Dataset records
━━━━

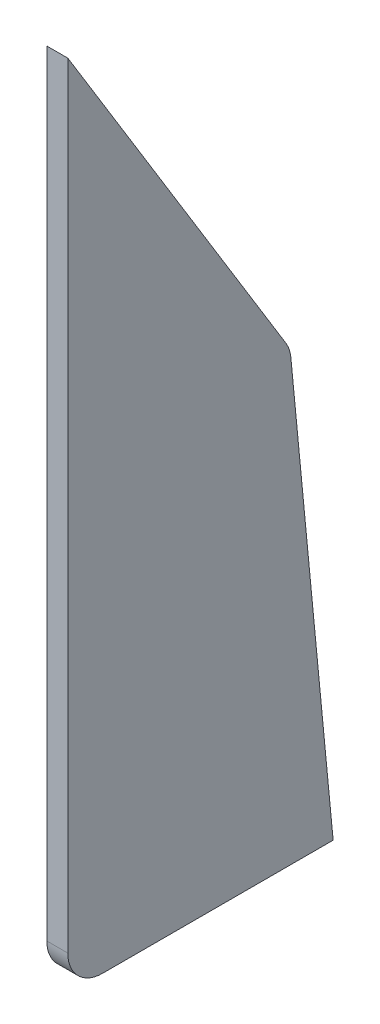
ISO-10303-21;
HEADER;
FILE_DESCRIPTION(('STEP AP214'),'2;1');
FILE_NAME('part.step','',(''),(''),'','','');
FILE_SCHEMA(('AUTOMOTIVE_DESIGN { 1 0 10303 214 1 1 1 1 }'));
ENDSEC;
DATA;
#1=APPLICATION_CONTEXT('core data for automotive mechanical design processes');
#2=APPLICATION_PROTOCOL_DEFINITION('international standard','automotive_design',2000,#1);
#3=PRODUCT_CONTEXT('',#1,'mechanical');
#4=PRODUCT('Part','Part','',(#3));
#5=PRODUCT_RELATED_PRODUCT_CATEGORY('part','',(#4));
#6=PRODUCT_DEFINITION_FORMATION('','',#4);
#7=PRODUCT_DEFINITION_CONTEXT('part definition',#1,'design');
#8=PRODUCT_DEFINITION('design','',#6,#7);
#9=PRODUCT_DEFINITION_SHAPE('','',#8);
#10=(LENGTH_UNIT() NAMED_UNIT(*) SI_UNIT(.MILLI.,.METRE.));
#11=(NAMED_UNIT(*) PLANE_ANGLE_UNIT() SI_UNIT($,.RADIAN.));
#12=(NAMED_UNIT(*) SI_UNIT($,.STERADIAN.) SOLID_ANGLE_UNIT());
#13=UNCERTAINTY_MEASURE_WITH_UNIT(LENGTH_MEASURE(1.E-05),#10,'distance_accuracy_value','');
#14=(GEOMETRIC_REPRESENTATION_CONTEXT(3) GLOBAL_UNCERTAINTY_ASSIGNED_CONTEXT((#13)) GLOBAL_UNIT_ASSIGNED_CONTEXT((#10,
#11,#12)) REPRESENTATION_CONTEXT('',''));
#15=CARTESIAN_POINT('',(0.,0.,0.));
#16=DIRECTION('',(0.,0.,1.));
#17=DIRECTION('',(1.,0.,0.));
#18=AXIS2_PLACEMENT_3D('',#15,#16,#17);
#19=CARTESIAN_POINT('',(3.,-111.,0.));
#20=DIRECTION('',(0.,0.,-1.));
#21=DIRECTION('',(-1.,0.,0.));
#22=AXIS2_PLACEMENT_3D('',#19,#20,#21);
#23=PLANE('',#22);
#24=DIRECTION('',(0.,-1.,0.));
#25=VECTOR('',#24,1.);
#26=CARTESIAN_POINT('',(0.,-111.,0.));
#27=LINE('',#26,#25);
#28=CARTESIAN_POINT('',(0.,0.,0.));
#29=VERTEX_POINT('',#28);
#30=CARTESIAN_POINT('',(0.,-111.,0.));
#31=VERTEX_POINT('',#30);
#32=EDGE_CURVE('E86',#29,#31,#27,.T.);
#33=ORIENTED_EDGE('',*,*,#32,.T.);
#34=DIRECTION('',(-1.,0.,0.));
#35=VECTOR('',#34,1.);
#36=CARTESIAN_POINT('',(3.,-111.,0.));
#37=LINE('',#36,#35);
#38=CARTESIAN_POINT('',(3.,-111.,0.));
#39=VERTEX_POINT('',#38);
#40=EDGE_CURVE('E11',#39,#31,#37,.T.);
#41=ORIENTED_EDGE('',*,*,#40,.F.);
#42=DIRECTION('',(0.,-1.,0.));
#43=VECTOR('',#42,1.);
#44=CARTESIAN_POINT('',(3.,-111.,0.));
#45=LINE('',#44,#43);
#46=CARTESIAN_POINT('',(3.,0.,0.));
#47=VERTEX_POINT('',#46);
#48=EDGE_CURVE('E109',#47,#39,#45,.T.);
#49=ORIENTED_EDGE('',*,*,#48,.F.);
#50=DIRECTION('',(-1.,0.,0.));
#51=VECTOR('',#50,1.);
#52=CARTESIAN_POINT('',(3.,0.,0.));
#53=LINE('',#52,#51);
#54=EDGE_CURVE('E99',#47,#29,#53,.T.);
#55=ORIENTED_EDGE('',*,*,#54,.T.);
#56=EDGE_LOOP('',(#33,#41,#49,#55));
#57=FACE_BOUND('',#56,.T.);
#58=ADVANCED_FACE('F30',(#57),#23,.F.);
#59=CARTESIAN_POINT('',(3.,-111.,-5.));
#60=DIRECTION('',(-1.,0.,0.));
#61=DIRECTION('',(0.,0.,1.));
#62=AXIS2_PLACEMENT_3D('',#59,#60,#61);
#63=CYLINDRICAL_SURFACE('',#62,5.);
#64=CARTESIAN_POINT('',(0.,-111.,-5.));
#65=DIRECTION('',(1.,0.,0.));
#66=DIRECTION('',(0.,0.,1.));
#67=AXIS2_PLACEMENT_3D('',#64,#65,#66);
#68=CIRCLE('',#67,5.);
#69=CARTESIAN_POINT('',(0.,-116.,-5.));
#70=VERTEX_POINT('',#69);
#71=EDGE_CURVE('E82',#31,#70,#68,.T.);
#72=ORIENTED_EDGE('',*,*,#71,.T.);
#73=DIRECTION('',(-1.,0.,0.));
#74=VECTOR('',#73,1.);
#75=CARTESIAN_POINT('',(3.,-116.,-5.));
#76=LINE('',#75,#74);
#77=CARTESIAN_POINT('',(3.,-116.,-5.));
#78=VERTEX_POINT('',#77);
#79=EDGE_CURVE('E37',#78,#70,#76,.T.);
#80=ORIENTED_EDGE('',*,*,#79,.F.);
#81=CARTESIAN_POINT('',(3.,-111.,-5.));
#82=DIRECTION('',(1.,0.,0.));
#83=DIRECTION('',(0.,0.,1.));
#84=AXIS2_PLACEMENT_3D('',#81,#82,#83);
#85=CIRCLE('',#84,5.);
#86=EDGE_CURVE('E95',#39,#78,#85,.T.);
#87=ORIENTED_EDGE('',*,*,#86,.F.);
#88=ORIENTED_EDGE('',*,*,#40,.T.);
#89=EDGE_LOOP('',(#72,#80,#87,#88));
#90=FACE_BOUND('',#89,.T.);
#91=ADVANCED_FACE('F94',(#90),#63,.T.);
#92=CARTESIAN_POINT('',(3.,-116.,-38.));
#93=DIRECTION('',(0.,1.,0.));
#94=DIRECTION('',(0.,0.,1.));
#95=AXIS2_PLACEMENT_3D('',#92,#93,#94);
#96=PLANE('',#95);
#97=DIRECTION('',(0.,0.,-1.));
#98=VECTOR('',#97,1.);
#99=CARTESIAN_POINT('',(0.,-116.,-38.));
#100=LINE('',#99,#98);
#101=CARTESIAN_POINT('',(0.,-116.,-38.));
#102=VERTEX_POINT('',#101);
#103=EDGE_CURVE('E88',#70,#102,#100,.T.);
#104=ORIENTED_EDGE('',*,*,#103,.T.);
#105=DIRECTION('',(-1.,0.,0.));
#106=VECTOR('',#105,1.);
#107=CARTESIAN_POINT('',(3.,-116.,-38.));
#108=LINE('',#107,#106);
#109=CARTESIAN_POINT('',(3.,-116.,-38.));
#110=VERTEX_POINT('',#109);
#111=EDGE_CURVE('E125',#110,#102,#108,.T.);
#112=ORIENTED_EDGE('',*,*,#111,.F.);
#113=DIRECTION('',(0.,0.,-1.));
#114=VECTOR('',#113,1.);
#115=CARTESIAN_POINT('',(3.,-116.,-38.));
#116=LINE('',#115,#114);
#117=EDGE_CURVE('E112',#78,#110,#116,.T.);
#118=ORIENTED_EDGE('',*,*,#117,.F.);
#119=ORIENTED_EDGE('',*,*,#79,.T.);
#120=EDGE_LOOP('',(#104,#112,#118,#119));
#121=FACE_BOUND('',#120,.T.);
#122=ADVANCED_FACE('F129',(#121),#96,.F.);
#123=CARTESIAN_POINT('',(3.,-53.0945456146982,-31.9428936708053));
#124=DIRECTION('',(0.,-0.0958457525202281,0.995396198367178));
#125=DIRECTION('',(0.,-0.995396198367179,-0.0958457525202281));
#126=AXIS2_PLACEMENT_3D('',#123,#124,#125);
#127=PLANE('',#126);
#128=DIRECTION('',(0.,0.995396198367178,0.0958457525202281));
#129=VECTOR('',#128,1.);
#130=CARTESIAN_POINT('',(0.,-53.0945456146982,-31.9428936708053));
#131=LINE('',#130,#129);
#132=CARTESIAN_POINT('',(0.,-53.0945456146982,-31.9428936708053));
#133=VERTEX_POINT('',#132);
#134=EDGE_CURVE('E103',#102,#133,#131,.T.);
#135=ORIENTED_EDGE('',*,*,#134,.T.);
#136=DIRECTION('',(-1.,0.,0.));
#137=VECTOR('',#136,1.);
#138=CARTESIAN_POINT('',(3.,-53.0945456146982,-31.9428936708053));
#139=LINE('',#138,#137);
#140=CARTESIAN_POINT('',(3.,-53.0945456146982,-31.9428936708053));
#141=VERTEX_POINT('',#140);
#142=EDGE_CURVE('E122',#141,#133,#139,.T.);
#143=ORIENTED_EDGE('',*,*,#142,.F.);
#144=DIRECTION('',(0.,0.995396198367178,0.0958457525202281));
#145=VECTOR('',#144,1.);
#146=CARTESIAN_POINT('',(3.,-53.0945456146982,-31.9428936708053));
#147=LINE('',#146,#145);
#148=EDGE_CURVE('E114',#110,#141,#147,.T.);
#149=ORIENTED_EDGE('',*,*,#148,.F.);
#150=ORIENTED_EDGE('',*,*,#111,.T.);
#151=EDGE_LOOP('',(#135,#143,#149,#150));
#152=FACE_BOUND('',#151,.T.);
#153=ADVANCED_FACE('F135',(#152),#127,.F.);
#154=CARTESIAN_POINT('',(3.,-53.5737743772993,-26.9659126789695));
#155=DIRECTION('',(-1.,0.,0.));
#156=DIRECTION('',(0.,0.,1.));
#157=AXIS2_PLACEMENT_3D('',#154,#155,#156);
#158=CYLINDRICAL_SURFACE('',#157,5.);
#159=CARTESIAN_POINT('',(0.,-53.5737743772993,-26.9659126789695));
#160=DIRECTION('',(1.,0.,0.));
#161=DIRECTION('',(0.,0.,1.));
#162=AXIS2_PLACEMENT_3D('',#159,#160,#161);
#163=CIRCLE('',#162,5.);
#164=CARTESIAN_POINT('',(0.,-50.9612815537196,-31.2291135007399));
#165=VERTEX_POINT('',#164);
#166=EDGE_CURVE('E105',#133,#165,#163,.T.);
#167=ORIENTED_EDGE('',*,*,#166,.T.);
#168=DIRECTION('',(-1.,0.,0.));
#169=VECTOR('',#168,1.);
#170=CARTESIAN_POINT('',(3.,-50.9612815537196,-31.2291135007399));
#171=LINE('',#170,#169);
#172=CARTESIAN_POINT('',(3.,-50.9612815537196,-31.2291135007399));
#173=VERTEX_POINT('',#172);
#174=EDGE_CURVE('E119',#173,#165,#171,.T.);
#175=ORIENTED_EDGE('',*,*,#174,.F.);
#176=CARTESIAN_POINT('',(3.,-53.5737743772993,-26.9659126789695));
#177=DIRECTION('',(1.,0.,0.));
#178=DIRECTION('',(0.,0.,1.));
#179=AXIS2_PLACEMENT_3D('',#176,#177,#178);
#180=CIRCLE('',#179,5.);
#181=EDGE_CURVE('E49',#141,#173,#180,.T.);
#182=ORIENTED_EDGE('',*,*,#181,.F.);
#183=ORIENTED_EDGE('',*,*,#142,.T.);
#184=EDGE_LOOP('',(#167,#175,#182,#183));
#185=FACE_BOUND('',#184,.T.);
#186=ADVANCED_FACE('F138',(#185),#158,.T.);
#187=CARTESIAN_POINT('',(3.,0.,0.));
#188=DIRECTION('',(0.,-0.522498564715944,0.852640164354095));
#189=DIRECTION('',(0.,-0.852640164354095,-0.522498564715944));
#190=AXIS2_PLACEMENT_3D('',#187,#188,#189);
#191=PLANE('',#190);
#192=DIRECTION('',(0.,0.852640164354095,0.522498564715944));
#193=VECTOR('',#192,1.);
#194=CARTESIAN_POINT('',(0.,0.,0.));
#195=LINE('',#194,#193);
#196=EDGE_CURVE('E107',#165,#29,#195,.T.);
#197=ORIENTED_EDGE('',*,*,#196,.T.);
#198=ORIENTED_EDGE('',*,*,#54,.F.);
#199=DIRECTION('',(0.,0.852640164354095,0.522498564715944));
#200=VECTOR('',#199,1.);
#201=CARTESIAN_POINT('',(3.,0.,0.));
#202=LINE('',#201,#200);
#203=EDGE_CURVE('E44',#173,#47,#202,.T.);
#204=ORIENTED_EDGE('',*,*,#203,.F.);
#205=ORIENTED_EDGE('',*,*,#174,.T.);
#206=EDGE_LOOP('',(#197,#198,#204,#205));
#207=FACE_BOUND('',#206,.T.);
#208=ADVANCED_FACE('F140',(#207),#191,.F.);
#209=CARTESIAN_POINT('',(3.,-53.5737743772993,-26.9659126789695));
#210=DIRECTION('',(-1.,0.,0.));
#211=DIRECTION('',(0.,0.,1.));
#212=AXIS2_PLACEMENT_3D('',#209,#210,#211);
#213=PLANE('',#212);
#214=ORIENTED_EDGE('',*,*,#48,.T.);
#215=ORIENTED_EDGE('',*,*,#86,.T.);
#216=ORIENTED_EDGE('',*,*,#117,.T.);
#217=ORIENTED_EDGE('',*,*,#148,.T.);
#218=ORIENTED_EDGE('',*,*,#181,.T.);
#219=ORIENTED_EDGE('',*,*,#203,.T.);
#220=EDGE_LOOP('',(#214,#215,#216,#217,#218,#219));
#221=FACE_BOUND('',#220,.T.);
#222=ADVANCED_FACE('F132',(#221),#213,.F.);
#223=CARTESIAN_POINT('',(0.,-53.5737743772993,-26.9659126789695));
#224=DIRECTION('',(-1.,0.,0.));
#225=DIRECTION('',(0.,0.,1.));
#226=AXIS2_PLACEMENT_3D('',#223,#224,#225);
#227=PLANE('',#226);
#228=ORIENTED_EDGE('',*,*,#32,.F.);
#229=ORIENTED_EDGE('',*,*,#196,.F.);
#230=ORIENTED_EDGE('',*,*,#166,.F.);
#231=ORIENTED_EDGE('',*,*,#134,.F.);
#232=ORIENTED_EDGE('',*,*,#103,.F.);
#233=ORIENTED_EDGE('',*,*,#71,.F.);
#234=EDGE_LOOP('',(#228,#229,#230,#231,#232,#233));
#235=FACE_BOUND('',#234,.T.);
#236=ADVANCED_FACE('F83',(#235),#227,.T.);
#237=CLOSED_SHELL('',(#58,#91,#122,#153,#186,#208,#222,#236));
#238=MANIFOLD_SOLID_BREP('B2',#237);
#239=ADVANCED_BREP_SHAPE_REPRESENTATION('',(#18,#238),#14);
#240=SHAPE_DEFINITION_REPRESENTATION(#9,#239);
ENDSEC;
END-ISO-10303-21;

━━━━

▶ [Task goal]:
Please write out, exactly as they appear above, only the lines in the stretch from the line with "#56=EDGE_LOOP('',(#33,#41,#49,#55));" through the line with "#92=CARTESIAN_POINT('',(3.,-116.,-38.));".

▶ [Exercise answer]:
#56=EDGE_LOOP('',(#33,#41,#49,#55));
#57=FACE_BOUND('',#56,.T.);
#58=ADVANCED_FACE('F30',(#57),#23,.F.);
#59=CARTESIAN_POINT('',(3.,-111.,-5.));
#60=DIRECTION('',(-1.,0.,0.));
#61=DIRECTION('',(0.,0.,1.));
#62=AXIS2_PLACEMENT_3D('',#59,#60,#61);
#63=CYLINDRICAL_SURFACE('',#62,5.);
#64=CARTESIAN_POINT('',(0.,-111.,-5.));
#65=DIRECTION('',(1.,0.,0.));
#66=DIRECTION('',(0.,0.,1.));
#67=AXIS2_PLACEMENT_3D('',#64,#65,#66);
#68=CIRCLE('',#67,5.);
#69=CARTESIAN_POINT('',(0.,-116.,-5.));
#70=VERTEX_POINT('',#69);
#71=EDGE_CURVE('E82',#31,#70,#68,.T.);
#72=ORIENTED_EDGE('',*,*,#71,.T.);
#73=DIRECTION('',(-1.,0.,0.));
#74=VECTOR('',#73,1.);
#75=CARTESIAN_POINT('',(3.,-116.,-5.));
#76=LINE('',#75,#74);
#77=CARTESIAN_POINT('',(3.,-116.,-5.));
#78=VERTEX_POINT('',#77);
#79=EDGE_CURVE('E37',#78,#70,#76,.T.);
#80=ORIENTED_EDGE('',*,*,#79,.F.);
#81=CARTESIAN_POINT('',(3.,-111.,-5.));
#82=DIRECTION('',(1.,0.,0.));
#83=DIRECTION('',(0.,0.,1.));
#84=AXIS2_PLACEMENT_3D('',#81,#82,#83);
#85=CIRCLE('',#84,5.);
#86=EDGE_CURVE('E95',#39,#78,#85,.T.);
#87=ORIENTED_EDGE('',*,*,#86,.F.);
#88=ORIENTED_EDGE('',*,*,#40,.T.);
#89=EDGE_LOOP('',(#72,#80,#87,#88));
#90=FACE_BOUND('',#89,.T.);
#91=ADVANCED_FACE('F94',(#90),#63,.T.);
#92=CARTESIAN_POINT('',(3.,-116.,-38.));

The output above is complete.